Your gmail awaits...


----------



## huhmzah

Hey! Alright first my disclaimer: I've only taken one course on Islamic Manuscripts and Art so I'm faaaaar from an expert in this, my guesses are as good as anyone elses  -- that being said, these are my impressions of the painting you sent me:

(a) Going simply on the way the clothes and the faces are depicted this painting seems to be of central asian / turkic origins and not Indian. Indian paintings in this style from an older era always have a very particular "look" to them when it comes to technique -- especially more recent manuscripts (1600s onwards). It doesn't seem like a mughal-era painting to me either. The way the clothes are painted, both the style depicted and the way they are painted, doesn't seem like a mughal-era painting.

(b) There are two other contradictions that I find in the painting -- perhaps you could tell me where and how you acquired it, if you know what scene is being depicted, if you know what the purpose of the painting is -- that might give us more clarity:

(1) The first contradiction is that the architecture depicted seems more typical of Indian manuscripts :-o The most obvious thing is the "chhatri" which is the sloping feature on the roof.

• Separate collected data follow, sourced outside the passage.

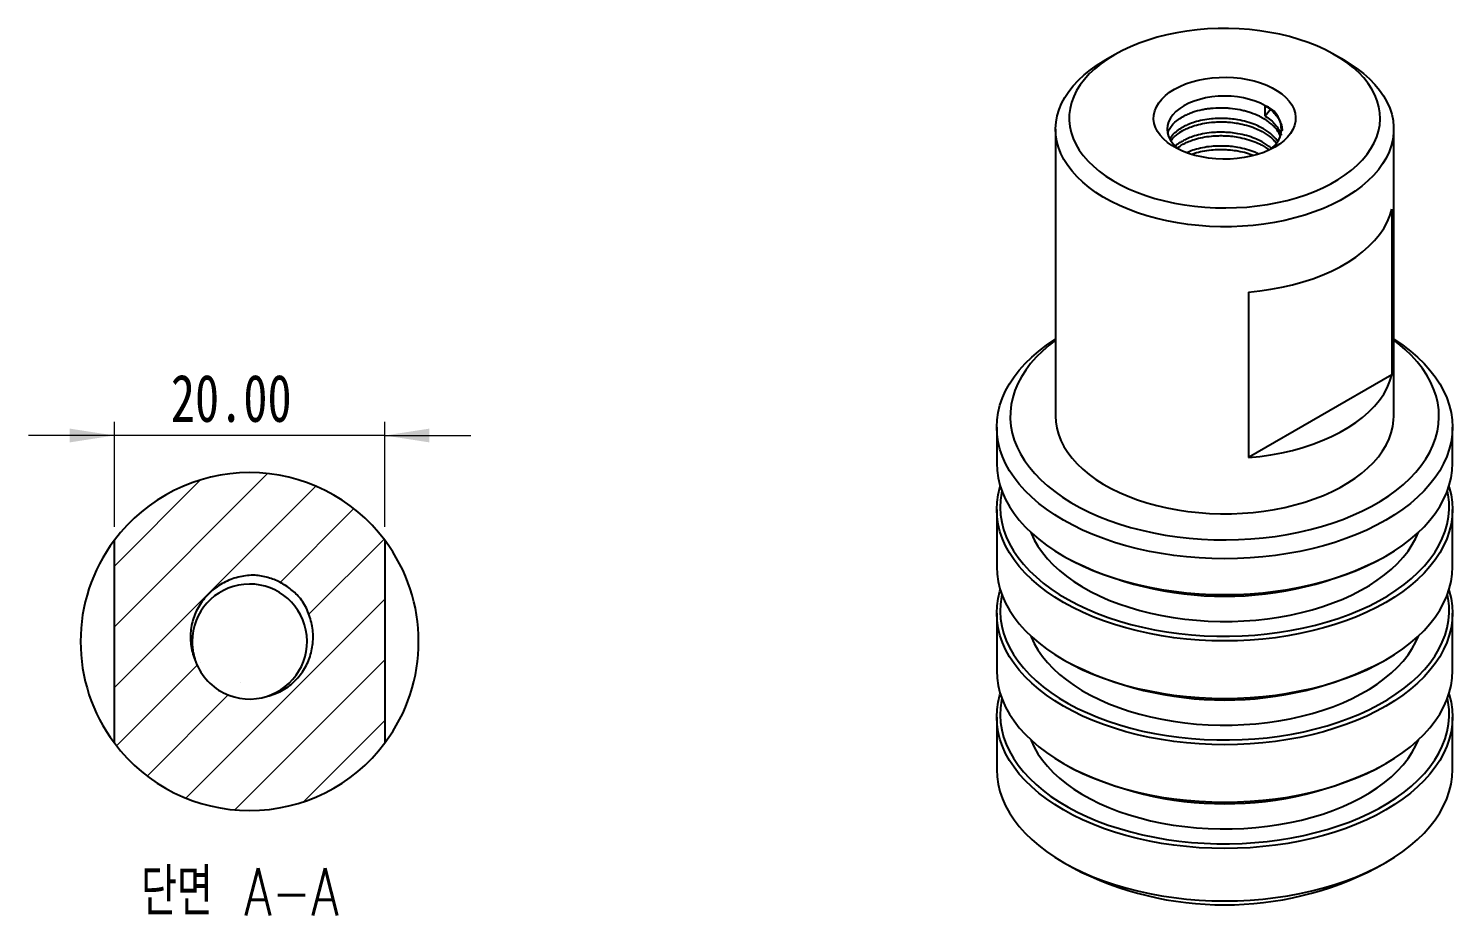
# Model space of a CAD drawing. Header units: millimetres. Extents: x 18 to 361, y 95 to 272.
# Drawn here: x 64.2 to 169.5, y 206.3 to 271.9 of the extents above; entities that cross this region are included whole.
import ezdxf

# ---------------------------------------------------------------- set-up
doc = ezdxf.new("R2010")
doc.units = ezdxf.units.MM
doc.styles.add('SLDTEXTSTYLE0', font='TXT', dxfattribs={"width": 0.75})
doc.styles.add('SLDTEXTSTYLE1', font='TXT', dxfattribs={"width": 0.75, "bigfont": 'bigfont'})
doc.dimstyles.new('SLDDIMSTYLE0', dxfattribs={"dimtxt": 3.5, "dimasz": 3.302, "dimexe": 0, "dimexo": 0.0625, "dimgap": 0.875, "dimtad": 1, "dimrnd": 1e-09, "dimzin": 4, "dimdsep": 46, "dimtxsty": 'SLDTEXTSTYLE0', "dimsah": 1, "dimcen": 0.09, "dimadec": 0, "dimazin": 1, "dimtfac": 1, "dimtmove": 0, "dimatfit": 0, "dimfxl": 0, "dimfrac": 2, "dimtolj": 1, "dimtzin": 12, "dimarcsym": 0})

# ---------------------------------------------------------------- blocks, each defined once
blk = doc.blocks.new('_D_15')
at = {"color": 7, "linetype": 'Continuous', "lineweight": 0}
for p, q in [((70.51, 235.06), (70.51, 242.81)), ((90.51, 235.06), (90.51, 242.81)), ((70.51, 241.81), (64.16, 241.81)), ((90.51, 241.81), (70.51, 241.81)), ((90.51, 241.81), (96.86, 241.81))]:
    blk.add_line(p, q, dxfattribs=at)
at = {"color": 7, "linetype": 'Continuous', "lineweight": 18}
for points in [[(70.51, 241.81), (67.21, 242.32), (67.21, 241.3)], [(90.51, 241.81), (93.81, 241.3), (93.81, 242.32)]]:
    blk.add_solid(points, dxfattribs=at)
at = {"color": 7, "linetype": 'Continuous', "lineweight": 18, "insert": (74.69, 246.32), "char_height": 3.5, "attachment_point": 1, "style": 'SLDTEXTSTYLE0'}
blk.add_mtext('20.00', dxfattribs=at)

msp = doc.modelspace()

# ---------------------------------------------------------------- hatches: boundary and pattern name
at = {"linetype": 'Continuous', "lineweight": 18}
h = msp.add_hatch(dxfattribs=at)
h.set_pattern_fill('ANSI31', style=0)
edge = h.paths.add_edge_path(flags=0)
edge.add_line((90.511, 219.064), (90.511, 234.064))
edge.add_arc((80.511, 226.564), 12.5, 36.8699, 143.1301)
edge.add_line((70.511, 234.064), (70.511, 219.064))
edge.add_arc((80.511, 226.564), 12.5, 216.8699, 323.1301)
edge = h.paths.add_edge_path(flags=0)
edge.add_spline(control_points=[(76.472, 225.243), (76.33, 225.579), (76.232, 225.936), (76.182, 226.296), (76.113, 226.793), (76.131, 227.309), (76.232, 227.8), (76.336, 228.308), (76.533, 228.805), (76.805, 229.247), (77.084, 229.7), (77.45, 230.107), (77.866, 230.439), (78.292, 230.778), (78.784, 231.047), (79.3, 231.222), (79.815, 231.397), (80.369, 231.481), (80.913, 231.474)], knot_values=[0, 0, 0, 0, 0.0010928, 0.0010928, 0.0010928, 0.0026071, 0.0026071, 0.0026071, 0.0041745, 0.0041745, 0.0041745, 0.0057826, 0.0057826, 0.0057826, 0.0074293, 0.0074293, 0.0074293, 0.0090745, 0.0090745, 0.0090745, 0.0090745], weights=[1, 1, 1, 1, 1, 1, 1, 1, 1, 1, 1, 1, 1, 1, 1, 1, 1, 1, 1], degree=3, periodic=0)
edge.add_spline(control_points=[(80.913, 231.474), (81.122, 231.457), (81.331, 231.426), (81.536, 231.383), (82.076, 231.268), (82.603, 231.059), (83.074, 230.772), (83.432, 230.553), (83.766, 230.286), (84.057, 229.984), (84.13, 229.909), (84.2, 229.832), (84.267, 229.752)], knot_values=[0, 0, 0, 0, 0.0006303, 0.0006303, 0.0006303, 0.0023049, 0.0023049, 0.0023049, 0.0035731, 0.0035731, 0.0035731, 0.0038852, 0.0038852, 0.0038852, 0.0038852], weights=[1, 1, 1, 1, 1, 1, 1, 1, 1, 1, 1, 1, 1], degree=3, periodic=0)
edge.add_spline(control_points=[(84.267, 229.752), (84.577, 229.332), (84.821, 228.854), (84.98, 228.356), (85.135, 227.868), (85.212, 227.348), (85.206, 226.836), (85.199, 226.328), (85.108, 225.815), (84.935, 225.338), (84.767, 224.873), (84.519, 224.43), (84.21, 224.044), (83.912, 223.672), (83.551, 223.342), (83.15, 223.085), (82.748, 222.827), (82.297, 222.635), (81.833, 222.525)], knot_values=[0, 0, 0, 0, 0.0015677, 0.0015677, 0.0015677, 0.0031036, 0.0031036, 0.0031036, 0.0046264, 0.0046264, 0.0046264, 0.0061083, 0.0061083, 0.0061083, 0.0075373, 0.0075373, 0.0075373, 0.008968, 0.008968, 0.008968, 0.008968], weights=[1, 1, 1, 1, 1, 1, 1, 1, 1, 1, 1, 1, 1, 1, 1, 1, 1, 1, 1], degree=3, periodic=0)
edge.add_arc((80.511, 226.564), 4.25, 198.10862, 288.11048, ccw=False)

# ---------------------------------------------------------------- linework, layer by layer
at = {"color": 7, "linetype": 'Continuous', "lineweight": 25}
for p, q in [((144.474, 269.977), (143.767, 269.569)), ((161.447, 269.569), (160.74, 269.977)), ((155.612, 265.436), (155.612, 266.202)), ((156.001, 265.919), (155.612, 265.436)), ((140.107, 264.467), (140.107, 243.237)), ((165.107, 243.237), (165.107, 264.467)), ((164.982, 258.547), (164.982, 246.299)), ((154.375, 252.424), (154.375, 240.176)), ((164.982, 246.299), (154.375, 240.176)), ((135.757, 242.42), (135.757, 239.767)), ((169.457, 239.767), (169.457, 242.42)), ((135.757, 236.337), (135.757, 232.091)), ((169.457, 232.091), (169.457, 236.337)), ((70.511, 219.064), (70.511, 234.064)), ((90.511, 234.064), (90.511, 219.064)), ((140.69, 232.889), (140.867, 232.787)), ((164.347, 232.787), (164.524, 232.889)), ((135.757, 228.662), (135.757, 224.416)), ((169.457, 224.416), (169.457, 228.662)), ((76.261, 226.564), (76.272, 226.271)), ((140.69, 225.214), (140.867, 225.112)), ((164.347, 225.112), (164.524, 225.214)), ((135.757, 220.986), (135.757, 217.108)), ((169.457, 217.108), (169.457, 220.986)), ((140.69, 217.538), (140.867, 217.436)), ((164.347, 217.436), (164.524, 217.538)), ((140.69, 210.23), (141.398, 209.822)), ((163.817, 209.822), (164.524, 210.23))]:
    msp.add_line(p, q, dxfattribs=at)
at = {"color": 7, "linetype": 'Continuous', "lineweight": 25, "flags": 128}
for points in [[(144.475, 269.978), (143.945, 269.65), (143.454, 269.303), (143.005, 268.937), (142.6, 268.554), (142.24, 268.157), (141.928, 267.746), (141.664, 267.324), (141.45, 266.893), (141.288, 266.455), (141.176, 266.011), (141.117, 265.564), (141.111, 265.115), (141.157, 264.668), (141.255, 264.223), (141.405, 263.783), (141.606, 263.35), (141.857, 262.925), (142.157, 262.512), (142.505, 262.111), (142.899, 261.724), (143.338, 261.354), (143.818, 261.002), (144.339, 260.669), (144.898, 260.357), (145.491, 260.068), (146.118, 259.803), (146.773, 259.562), (147.456, 259.348), (148.161, 259.161), (148.888, 259.001), (149.631, 258.871), (150.387, 258.769), (151.154, 258.698), (151.928, 258.656), (152.704, 258.645), (153.48, 258.664), (154.253, 258.713), (155.017, 258.792), (155.771, 258.901), (156.51, 259.039), (157.231, 259.205), (157.932, 259.399), (158.608, 259.62), (159.256, 259.867), (159.874, 260.138), (160.46, 260.433), (161.009, 260.75), (161.52, 261.088), (161.99, 261.445), (162.418, 261.819), (162.8, 262.21), (163.137, 262.614), (163.425, 263.03), (163.663, 263.457), (163.852, 263.892), (163.989, 264.334), (164.074, 264.779), (164.107, 265.227), (164.087, 265.676), (164.015, 266.122), (163.891, 266.565), (163.715, 267.002), (163.489, 267.431), (163.213, 267.85), (162.889, 268.257), (162.518, 268.651), (162.101, 269.03), (161.641, 269.391), (161.14, 269.734), (160.6, 270.056), (160.024, 270.357), (159.414, 270.634), (158.772, 270.888), (158.103, 271.115), (157.409, 271.316), (156.692, 271.489), (155.957, 271.634), (155.207, 271.75), (154.445, 271.837), (153.674, 271.894), (152.898, 271.92), (152.122, 271.916), (151.347, 271.882), (150.578, 271.818), (149.819, 271.724), (149.072, 271.601), (148.341, 271.449), (147.63, 271.268), (146.941, 271.061), (146.279, 270.827), (145.645, 270.567), (145.043, 270.284), (144.475, 269.978)], [(161.447, 269.569), (161.865, 269.316), (162.389, 268.96), (162.872, 268.585), (163.312, 268.192), (163.708, 267.784), (164.056, 267.363), (164.357, 266.929), (164.609, 266.485), (164.81, 266.032), (164.96, 265.573), (165.058, 265.109), (165.103, 264.642), (165.097, 264.175), (165.038, 263.709), (164.927, 263.246), (164.764, 262.788), (164.55, 262.337), (164.287, 261.895), (163.974, 261.464), (163.613, 261.046), (163.207, 260.642), (162.755, 260.254), (162.262, 259.883), (161.728, 259.532), (161.155, 259.202), (160.547, 258.893), (159.905, 258.608), (159.233, 258.348), (158.533, 258.113), (157.808, 257.905), (157.062, 257.724), (156.296, 257.572), (155.515, 257.449), (154.722, 257.355), (153.92, 257.291), (153.113, 257.257), (152.304, 257.253), (151.495, 257.279), (150.692, 257.336), (149.896, 257.423), (149.112, 257.539), (148.342, 257.684), (147.591, 257.857), (146.86, 258.059), (146.154, 258.287), (145.474, 258.541), (144.825, 258.82), (144.208, 259.123), (143.626, 259.448), (143.082, 259.794), (142.578, 260.159), (142.116, 260.543), (141.698, 260.943), (141.326, 261.359), (141.001, 261.787), (140.725, 262.226), (140.499, 262.675), (140.323, 263.131), (140.199, 263.593), (140.127, 264.058), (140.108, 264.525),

The way the characters are placed is also more typical of Indian painting, especially the way some characters are holding up their hand -- in Indo-Islamic depictions of Mughal emperors and empresses / people of significance, the characters often held their hands up in that fashion holding a rose or another flower (I don't see anyone holding a flower either though, one of the character seems to be holding up a plant of some sort though).

(2) The second contradiction is in the clothes -- Turbans in a scene like this usually mark identity, and its rare to see all the turbans being the same style and same color (unless an 'army' of nameless/identityless people is being depicted). If anything, the main character who is seated would be marked in some way by the color/style of his turban and his clothes, but he isn't -- so the depiction seems oddly "egalitarian" . The other thing that kind of jumps out at me is that its rare to see Islamic art of this nature where characters have bare legs. ( BTW: the beardless characters are actually depictions of young men and not women :-D -- they tend to always look a bit feminine like this.)

It's a beautiful painting -- but my (non-expert) hunch is that this painting belongs to this century and is done by someone imitating various styles to give the overall "look" of an authentic Islamic manuscript. As for the tibetan on the back, I have no clue  This certainly doesn't come off as a tibetan painting at all, but I'm fairly certain the script on the back is Tibetan.


----------



## Monkamah

It belongs to a friend of mine and was originally purchased by her deceased brother in the San Francisco bay area a number of years ago.  The brother had exquisite taste in art and collected a variety of antiquities, two and three dimensional, from across the globe.  She has several quality asian pieces but this one, for some reason, struck me like a lightening bolt.  I can't explain why.  As you know, the Bay area has been a jumping off point for asian immigrants for centuries.


----------



## huhmzah

Woops -- sorry for the incomplete post earlier -- clicked on send too fast.


----------



## Monkamah

Thought so...judging from the (1) with nothing there...


----------



## Monkamah

One thing I noticed was that a few of the turbans are tied differently than those of the older members of the court, most notibly in the younger members, formerly "the women",  perhaps as a mark of their difference in caste stature. The bare legs struck me...there must be some significance in the fact they they have no boots or leggings as it is just as easy to paint leggings as bare legs. The piece is not a particularly sophisticated piece although some of the detail in the garments, rugs & such are amazingly detailed. This coupled with the fact that no one seems to be able to figure out this language on the back is puzzling and exciting. It tends to indicate that it is certainly not a "metropolitan" piece but from a lesser, smaller, perhaps more remote area. But, where??


----------